▶ [WORK TO BE COMPLETED]: The response must consist of the lines below from the one with "#238=DIRECTION('',(0.,0.,1.));" through the one with "#256=EDGE_CURVE('E128',#255,#80,#253,.T.);", exactly as they appear and with both ends kept.

BEGIN DATA FOR PROCESSING

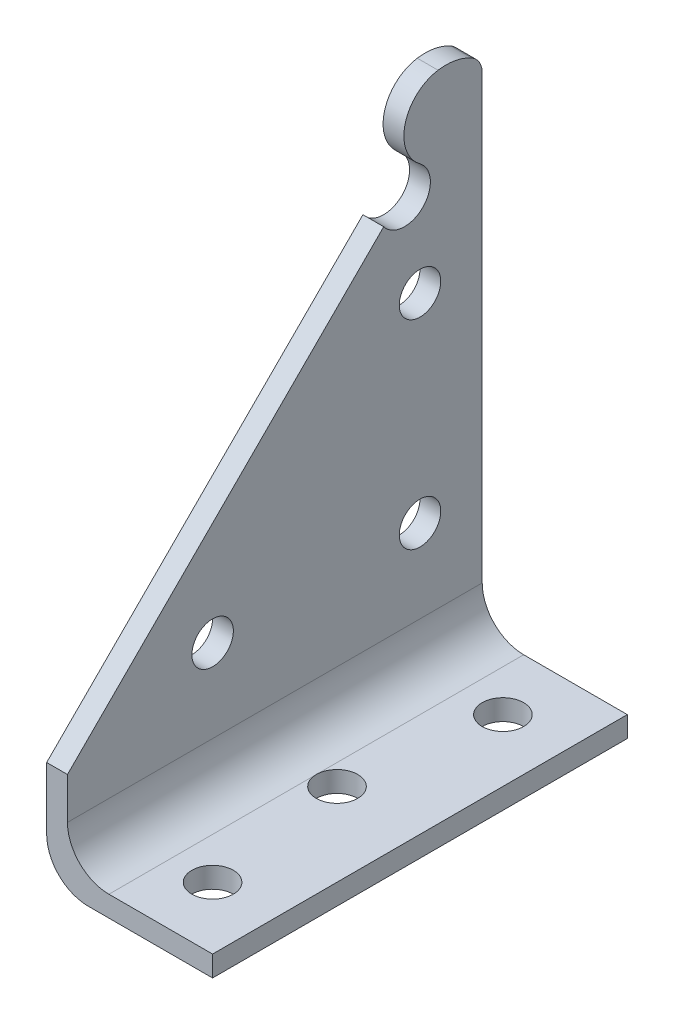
ISO-10303-21;
HEADER;
FILE_DESCRIPTION(('STEP AP214'),'2;1');
FILE_NAME('part.step','',(''),(''),'','','');
FILE_SCHEMA(('AUTOMOTIVE_DESIGN { 1 0 10303 214 1 1 1 1 }'));
ENDSEC;
DATA;
#1=APPLICATION_CONTEXT('core data for automotive mechanical design processes');
#2=APPLICATION_PROTOCOL_DEFINITION('international standard','automotive_design',2000,#1);
#3=PRODUCT_CONTEXT('',#1,'mechanical');
#4=PRODUCT('Part','Part','',(#3));
#5=PRODUCT_RELATED_PRODUCT_CATEGORY('part','',(#4));
#6=PRODUCT_DEFINITION_FORMATION('','',#4);
#7=PRODUCT_DEFINITION_CONTEXT('part definition',#1,'design');
#8=PRODUCT_DEFINITION('design','',#6,#7);
#9=PRODUCT_DEFINITION_SHAPE('','',#8);
#10=(LENGTH_UNIT() NAMED_UNIT(*) SI_UNIT(.MILLI.,.METRE.));
#11=(NAMED_UNIT(*) PLANE_ANGLE_UNIT() SI_UNIT($,.RADIAN.));
#12=(NAMED_UNIT(*) SI_UNIT($,.STERADIAN.) SOLID_ANGLE_UNIT());
#13=UNCERTAINTY_MEASURE_WITH_UNIT(LENGTH_MEASURE(1.E-05),#10,'distance_accuracy_value','');
#14=(GEOMETRIC_REPRESENTATION_CONTEXT(3) GLOBAL_UNCERTAINTY_ASSIGNED_CONTEXT((#13)) GLOBAL_UNIT_ASSIGNED_CONTEXT((#10,
#11,#12)) REPRESENTATION_CONTEXT('',''));
#15=CARTESIAN_POINT('',(0.,0.,0.));
#16=DIRECTION('',(0.,0.,1.));
#17=DIRECTION('',(1.,0.,0.));
#18=AXIS2_PLACEMENT_3D('',#15,#16,#17);
#19=CARTESIAN_POINT('',(3.18262,81.28,-31.75));
#20=DIRECTION('',(-1.,0.,0.));
#21=DIRECTION('',(0.,-1.,0.));
#22=AXIS2_PLACEMENT_3D('',#19,#20,#21);
#23=PLANE('',#22);
#24=CARTESIAN_POINT('',(3.18262000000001,22.225,9.525));
#25=DIRECTION('',(-1.,0.,0.));
#26=DIRECTION('',(0.,1.,0.));
#27=AXIS2_PLACEMENT_3D('',#24,#25,#26);
#28=CIRCLE('',#27,3.175);
#29=CARTESIAN_POINT('',(3.18262000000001,25.4,9.525));
#30=VERTEX_POINT('',#29);
#31=EDGE_CURVE('E520',#30,#30,#28,.T.);
#32=ORIENTED_EDGE('',*,*,#31,.T.);
#33=EDGE_LOOP('',(#32));
#34=FACE_BOUND('',#33,.T.);
#35=CARTESIAN_POINT('',(3.18262000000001,22.225,-22.225));
#36=DIRECTION('',(-1.,0.,0.));
#37=DIRECTION('',(0.,1.,0.));
#38=AXIS2_PLACEMENT_3D('',#35,#36,#37);
#39=CIRCLE('',#38,3.175);
#40=CARTESIAN_POINT('',(3.18262000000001,25.4,-22.225));
#41=VERTEX_POINT('',#40);
#42=EDGE_CURVE('E527',#41,#41,#39,.T.);
#43=ORIENTED_EDGE('',*,*,#42,.T.);
#44=EDGE_LOOP('',(#43));
#45=FACE_BOUND('',#44,.T.);
#46=CARTESIAN_POINT('',(3.18262,52.705,-22.225));
#47=DIRECTION('',(-1.,0.,0.));
#48=DIRECTION('',(0.,1.,0.));
#49=AXIS2_PLACEMENT_3D('',#46,#47,#48);
#50=CIRCLE('',#49,3.175);
#51=CARTESIAN_POINT('',(3.18262,55.88,-22.225));
#52=VERTEX_POINT('',#51);
#53=EDGE_CURVE('E532',#52,#52,#50,.T.);
#54=ORIENTED_EDGE('',*,*,#53,.T.);
#55=EDGE_LOOP('',(#54));
#56=FACE_BOUND('',#55,.T.);
#57=DIRECTION('',(0.,0.707106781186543,-0.707106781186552));
#58=VECTOR('',#57,1.);
#59=CARTESIAN_POINT('',(3.18262000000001,23.8125000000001,23.8124999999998));
#60=LINE('',#59,#58);
#61=CARTESIAN_POINT('',(3.18262000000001,15.875,31.75));
#62=VERTEX_POINT('',#61);
#63=CARTESIAN_POINT('',(3.18262,64.2944757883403,-16.6694757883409));
#64=VERTEX_POINT('',#63);
#65=EDGE_CURVE('E259',#62,#64,#60,.T.);
#66=ORIENTED_EDGE('',*,*,#65,.F.);
#67=DIRECTION('',(0.,1.,0.));
#68=VECTOR('',#67,1.);
#69=CARTESIAN_POINT('',(3.18262,81.28,31.75));
#70=LINE('',#69,#68);
#71=CARTESIAN_POINT('',(3.18262000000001,9.52499999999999,31.75));
#72=VERTEX_POINT('',#71);
#73=EDGE_CURVE('E257',#72,#62,#70,.T.);
#74=ORIENTED_EDGE('',*,*,#73,.F.);
#75=DIRECTION('',(0.,0.,1.));
#76=VECTOR('',#75,1.);
#77=CARTESIAN_POINT('',(3.18262000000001,9.52499999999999,31.75));
#78=LINE('',#77,#76);
#79=CARTESIAN_POINT('',(3.18262000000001,9.52499999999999,-31.75));
#80=VERTEX_POINT('',#79);
#81=EDGE_CURVE('E231',#80,#72,#78,.T.);
#82=ORIENTED_EDGE('',*,*,#81,.F.);
#83=DIRECTION('',(0.,1.,0.));
#84=VECTOR('',#83,1.);
#85=CARTESIAN_POINT('',(3.18262,81.28,-31.75));
#86=LINE('',#85,#84);
#87=CARTESIAN_POINT('',(3.18262,77.1624497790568,-31.75));
#88=VERTEX_POINT('',#87);
#89=EDGE_CURVE('E247',#80,#88,#86,.T.);
#90=ORIENTED_EDGE('',*,*,#89,.T.);
#91=CARTESIAN_POINT('',(3.18262,77.1624497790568,-28.570879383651));
#92=DIRECTION('',(-1.,0.,0.));
#93=DIRECTION('',(0.,1.,0.));
#94=AXIS2_PLACEMENT_3D('',#91,#92,#93);
#95=CIRCLE('',#94,3.17912061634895);
#96=CARTESIAN_POINT('',(3.18262,79.9193630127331,-30.1539893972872));
#97=VERTEX_POINT('',#96);
#98=EDGE_CURVE('E337',#97,#88,#95,.T.);
#99=ORIENTED_EDGE('',*,*,#98,.F.);
#100=CARTESIAN_POINT('',(3.18262,73.025,-26.19502));
#101=DIRECTION('',(-1.,0.,0.));
#102=DIRECTION('',(0.,1.,0.));
#103=AXIS2_PLACEMENT_3D('',#100,#101,#102);
#104=CIRCLE('',#103,7.9502);
#105=CARTESIAN_POINT('',(3.18262,80.8837240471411,-24.9924658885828));
#106=VERTEX_POINT('',#105);
#107=EDGE_CURVE('E340',#106,#97,#104,.T.);
#108=ORIENTED_EDGE('',*,*,#107,.F.);
#109=CARTESIAN_POINT('',(3.18262,74.7861943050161,-25.9255193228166));
#110=DIRECTION('',(-1.,0.,0.));
#111=DIRECTION('',(0.,1.,0.));
#112=AXIS2_PLACEMENT_3D('',#109,#110,#111);
#113=CIRCLE('',#112,6.16850530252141);
#114=CARTESIAN_POINT('',(3.18262,69.8505442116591,-22.2255442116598));
#115=VERTEX_POINT('',#114);
#116=EDGE_CURVE('E343',#115,#106,#113,.T.);
#117=ORIENTED_EDGE('',*,*,#116,.F.);
#118=CARTESIAN_POINT('',(3.18262,66.675,-19.84502));
#119=DIRECTION('',(-1.,0.,0.));
#120=DIRECTION('',(0.,1.,0.));
#121=AXIS2_PLACEMENT_3D('',#118,#119,#120);
#122=CIRCLE('',#121,3.96874999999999);
#123=EDGE_CURVE('E328',#115,#64,#122,.T.);
#124=ORIENTED_EDGE('',*,*,#123,.T.);
#125=EDGE_LOOP('',(#66,#74,#82,#90,#99,#108,#117,#124));
#126=FACE_BOUND('',#125,.T.);
#127=ADVANCED_FACE('F117',(#34,#45,#56,#126),#23,.F.);
#128=CARTESIAN_POINT('',(0.,0.,-31.75));
#129=DIRECTION('',(1.,0.,0.));
#130=DIRECTION('',(0.,0.,1.));
#131=AXIS2_PLACEMENT_3D('',#128,#129,#130);
#132=PLANE('',#131);
#133=CARTESIAN_POINT('',(0.,22.225,9.525));
#134=DIRECTION('',(-1.,0.,0.));
#135=DIRECTION('',(0.,1.,0.));
#136=AXIS2_PLACEMENT_3D('',#133,#134,#135);
#137=CIRCLE('',#136,3.175);
#138=CARTESIAN_POINT('',(0.,25.4,9.525));
#139=VERTEX_POINT('',#138);
#140=EDGE_CURVE('E524',#139,#139,#137,.T.);
#141=ORIENTED_EDGE('',*,*,#140,.F.);
#142=EDGE_LOOP('',(#141));
#143=FACE_BOUND('',#142,.T.);
#144=CARTESIAN_POINT('',(0.,22.225,-22.225));
#145=DIRECTION('',(-1.,0.,0.));
#146=DIRECTION('',(0.,1.,0.));
#147=AXIS2_PLACEMENT_3D('',#144,#145,#146);
#148=CIRCLE('',#147,3.175);
#149=CARTESIAN_POINT('',(0.,25.4,-22.225));
#150=VERTEX_POINT('',#149);
#151=EDGE_CURVE('E529',#150,#150,#148,.T.);
#152=ORIENTED_EDGE('',*,*,#151,.F.);
#153=EDGE_LOOP('',(#152));
#154=FACE_BOUND('',#153,.T.);
#155=CARTESIAN_POINT('',(0.,52.705,-22.225));
#156=DIRECTION('',(-1.,0.,0.));
#157=DIRECTION('',(0.,1.,0.));
#158=AXIS2_PLACEMENT_3D('',#155,#156,#157);
#159=CIRCLE('',#158,3.175);
#160=CARTESIAN_POINT('',(0.,55.88,-22.225));
#161=VERTEX_POINT('',#160);
#162=EDGE_CURVE('E338',#161,#161,#159,.T.);
#163=ORIENTED_EDGE('',*,*,#162,.F.);
#164=EDGE_LOOP('',(#163));
#165=FACE_BOUND('',#164,.T.);
#166=DIRECTION('',(0.,0.707106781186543,-0.707106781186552));
#167=VECTOR('',#166,1.);
#168=CARTESIAN_POINT('',(0.,23.8125000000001,23.8124999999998));
#169=LINE('',#168,#167);
#170=CARTESIAN_POINT('',(0.,15.875,31.75));
#171=VERTEX_POINT('',#170);
#172=CARTESIAN_POINT('',(0.,64.2944757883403,-16.6694757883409));
#173=VERTEX_POINT('',#172);
#174=EDGE_CURVE('E324',#171,#173,#169,.T.);
#175=ORIENTED_EDGE('',*,*,#174,.T.);
#176=CARTESIAN_POINT('',(0.,66.675,-19.84502));
#177=DIRECTION('',(-1.,0.,0.));
#178=DIRECTION('',(0.,1.,0.));
#179=AXIS2_PLACEMENT_3D('',#176,#177,#178);
#180=CIRCLE('',#179,3.96874999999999);
#181=CARTESIAN_POINT('',(0.,69.8505442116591,-22.2255442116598));
#182=VERTEX_POINT('',#181);
#183=EDGE_CURVE('E333',#182,#173,#180,.T.);
#184=ORIENTED_EDGE('',*,*,#183,.F.);
#185=CARTESIAN_POINT('',(0.,74.7861943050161,-25.9255193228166));
#186=DIRECTION('',(-1.,0.,0.));
#187=DIRECTION('',(0.,1.,0.));
#188=AXIS2_PLACEMENT_3D('',#185,#186,#187);
#189=CIRCLE('',#188,6.16850530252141);
#190=CARTESIAN_POINT('',(0.,80.8837240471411,-24.9924658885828));
#191=VERTEX_POINT('',#190);
#192=EDGE_CURVE('E326',#182,#191,#189,.T.);
#193=ORIENTED_EDGE('',*,*,#192,.T.);
#194=CARTESIAN_POINT('',(0.,73.025,-26.19502));
#195=DIRECTION('',(-1.,0.,0.));
#196=DIRECTION('',(0.,1.,0.));
#197=AXIS2_PLACEMENT_3D('',#194,#195,#196);
#198=CIRCLE('',#197,7.9502);
#199=CARTESIAN_POINT('',(0.,79.9193630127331,-30.1539893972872));
#200=VERTEX_POINT('',#199);
#201=EDGE_CURVE('E322',#191,#200,#198,.T.);
#202=ORIENTED_EDGE('',*,*,#201,.T.);
#203=CARTESIAN_POINT('',(0.,77.1624497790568,-28.570879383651));
#204=DIRECTION('',(-1.,0.,0.));
#205=DIRECTION('',(0.,1.,0.));
#206=AXIS2_PLACEMENT_3D('',#203,#204,#205);
#207=CIRCLE('',#206,3.17912061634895);
#208=CARTESIAN_POINT('',(0.,77.1624497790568,-31.75));
#209=VERTEX_POINT('',#208);
#210=EDGE_CURVE('E319',#200,#209,#207,.T.);
#211=ORIENTED_EDGE('',*,*,#210,.T.);
#212=DIRECTION('',(0.,-1.,0.));
#213=VECTOR('',#212,1.);
#214=CARTESIAN_POINT('',(0.,0.,-31.75));
#215=LINE('',#214,#213);
#216=CARTESIAN_POINT('',(0.,6.35,-31.75));
#217=VERTEX_POINT('',#216);
#218=EDGE_CURVE('E254',#209,#217,#215,.T.);
#219=ORIENTED_EDGE('',*,*,#218,.T.);
#220=DIRECTION('',(0.,0.,1.));
#221=VECTOR('',#220,1.);
#222=CARTESIAN_POINT('',(0.,6.35,-31.75));
#223=LINE('',#222,#221);
#224=CARTESIAN_POINT('',(0.,6.35,31.75));
#225=VERTEX_POINT('',#224);
#226=EDGE_CURVE('E280',#225,#217,#223,.F.);
#227=ORIENTED_EDGE('',*,*,#226,.F.);
#228=DIRECTION('',(0.,-1.,0.));
#229=VECTOR('',#228,1.);
#230=CARTESIAN_POINT('',(0.,0.,31.75));
#231=LINE('',#230,#229);
#232=EDGE_CURVE('E261',#171,#225,#231,.T.);
#233=ORIENTED_EDGE('',*,*,#232,.F.);
#234=EDGE_LOOP('',(#175,#184,#193,#202,#211,#219,#227,#233));
#235=FACE_BOUND('',#234,.T.);
#236=ADVANCED_FACE('F315',(#143,#154,#165,#235),#132,.F.);
#237=CARTESIAN_POINT('',(0.,0.,-31.75));
#238=DIRECTION('',(0.,0.,1.));
#239=DIRECTION('',(-1.,0.,0.));
#240=AXIS2_PLACEMENT_3D('',#237,#238,#239);
#241=PLANE('',#240);
#242=DIRECTION('',(1.,0.,0.));
#243=VECTOR('',#242,1.);
#244=CARTESIAN_POINT('',(0.,77.1624497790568,-31.75));
#245=LINE('',#244,#243);
#246=EDGE_CURVE('E250',#209,#88,#245,.T.);
#247=ORIENTED_EDGE('',*,*,#246,.T.);
#248=ORIENTED_EDGE('',*,*,#89,.F.);
#249=CARTESIAN_POINT('',(9.53262000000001,9.52499999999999,-31.75));
#250=DIRECTION('',(0.,0.,-1.));
#251=DIRECTION('',(-1.,0.,0.));
#252=AXIS2_PLACEMENT_3D('',#249,#250,#251);
#253=CIRCLE('',#252,6.35);
#254=CARTESIAN_POINT('',(9.53262000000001,3.175,-31.75));
#255=VERTEX_POINT('',#254);
#256=EDGE_CURVE('E128',#255,#80,#253,.T.);
#257=ORIENTED_EDGE('',*,*,#256,.F.);
#258=DIRECTION('',(-1.,0.,0.));
#259=VECTOR('',#258,1.);
#260=CARTESIAN_POINT('',(3.18262000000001,3.175,-31.75));
#261=LINE('',#260,#259);
#262=CARTESIAN_POINT('',(25.4,3.175,-31.75));
#263=VERTEX_POINT('',#262);
#264=EDGE_CURVE('E229',#263,#255,#261,.T.);
#265=ORIENTED_EDGE('',*,*,#264,.F.);
#266=DIRECTION('',(0.,1.,0.));
#267=VECTOR('',#266,1.);
#268=CARTESIAN_POINT('',(25.4,3.175,-31.75));
#269=LINE('',#268,#267);
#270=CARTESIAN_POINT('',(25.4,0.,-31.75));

END DATA FOR PROCESSING

▶ [OUTPUT FOR THIS EXERCISE]:
#238=DIRECTION('',(0.,0.,1.));
#239=DIRECTION('',(-1.,0.,0.));
#240=AXIS2_PLACEMENT_3D('',#237,#238,#239);
#241=PLANE('',#240);
#242=DIRECTION('',(1.,0.,0.));
#243=VECTOR('',#242,1.);
#244=CARTESIAN_POINT('',(0.,77.1624497790568,-31.75));
#245=LINE('',#244,#243);
#246=EDGE_CURVE('E250',#209,#88,#245,.T.);
#247=ORIENTED_EDGE('',*,*,#246,.T.);
#248=ORIENTED_EDGE('',*,*,#89,.F.);
#249=CARTESIAN_POINT('',(9.53262000000001,9.52499999999999,-31.75));
#250=DIRECTION('',(0.,0.,-1.));
#251=DIRECTION('',(-1.,0.,0.));
#252=AXIS2_PLACEMENT_3D('',#249,#250,#251);
#253=CIRCLE('',#252,6.35);
#254=CARTESIAN_POINT('',(9.53262000000001,3.175,-31.75));
#255=VERTEX_POINT('',#254);
#256=EDGE_CURVE('E128',#255,#80,#253,.T.);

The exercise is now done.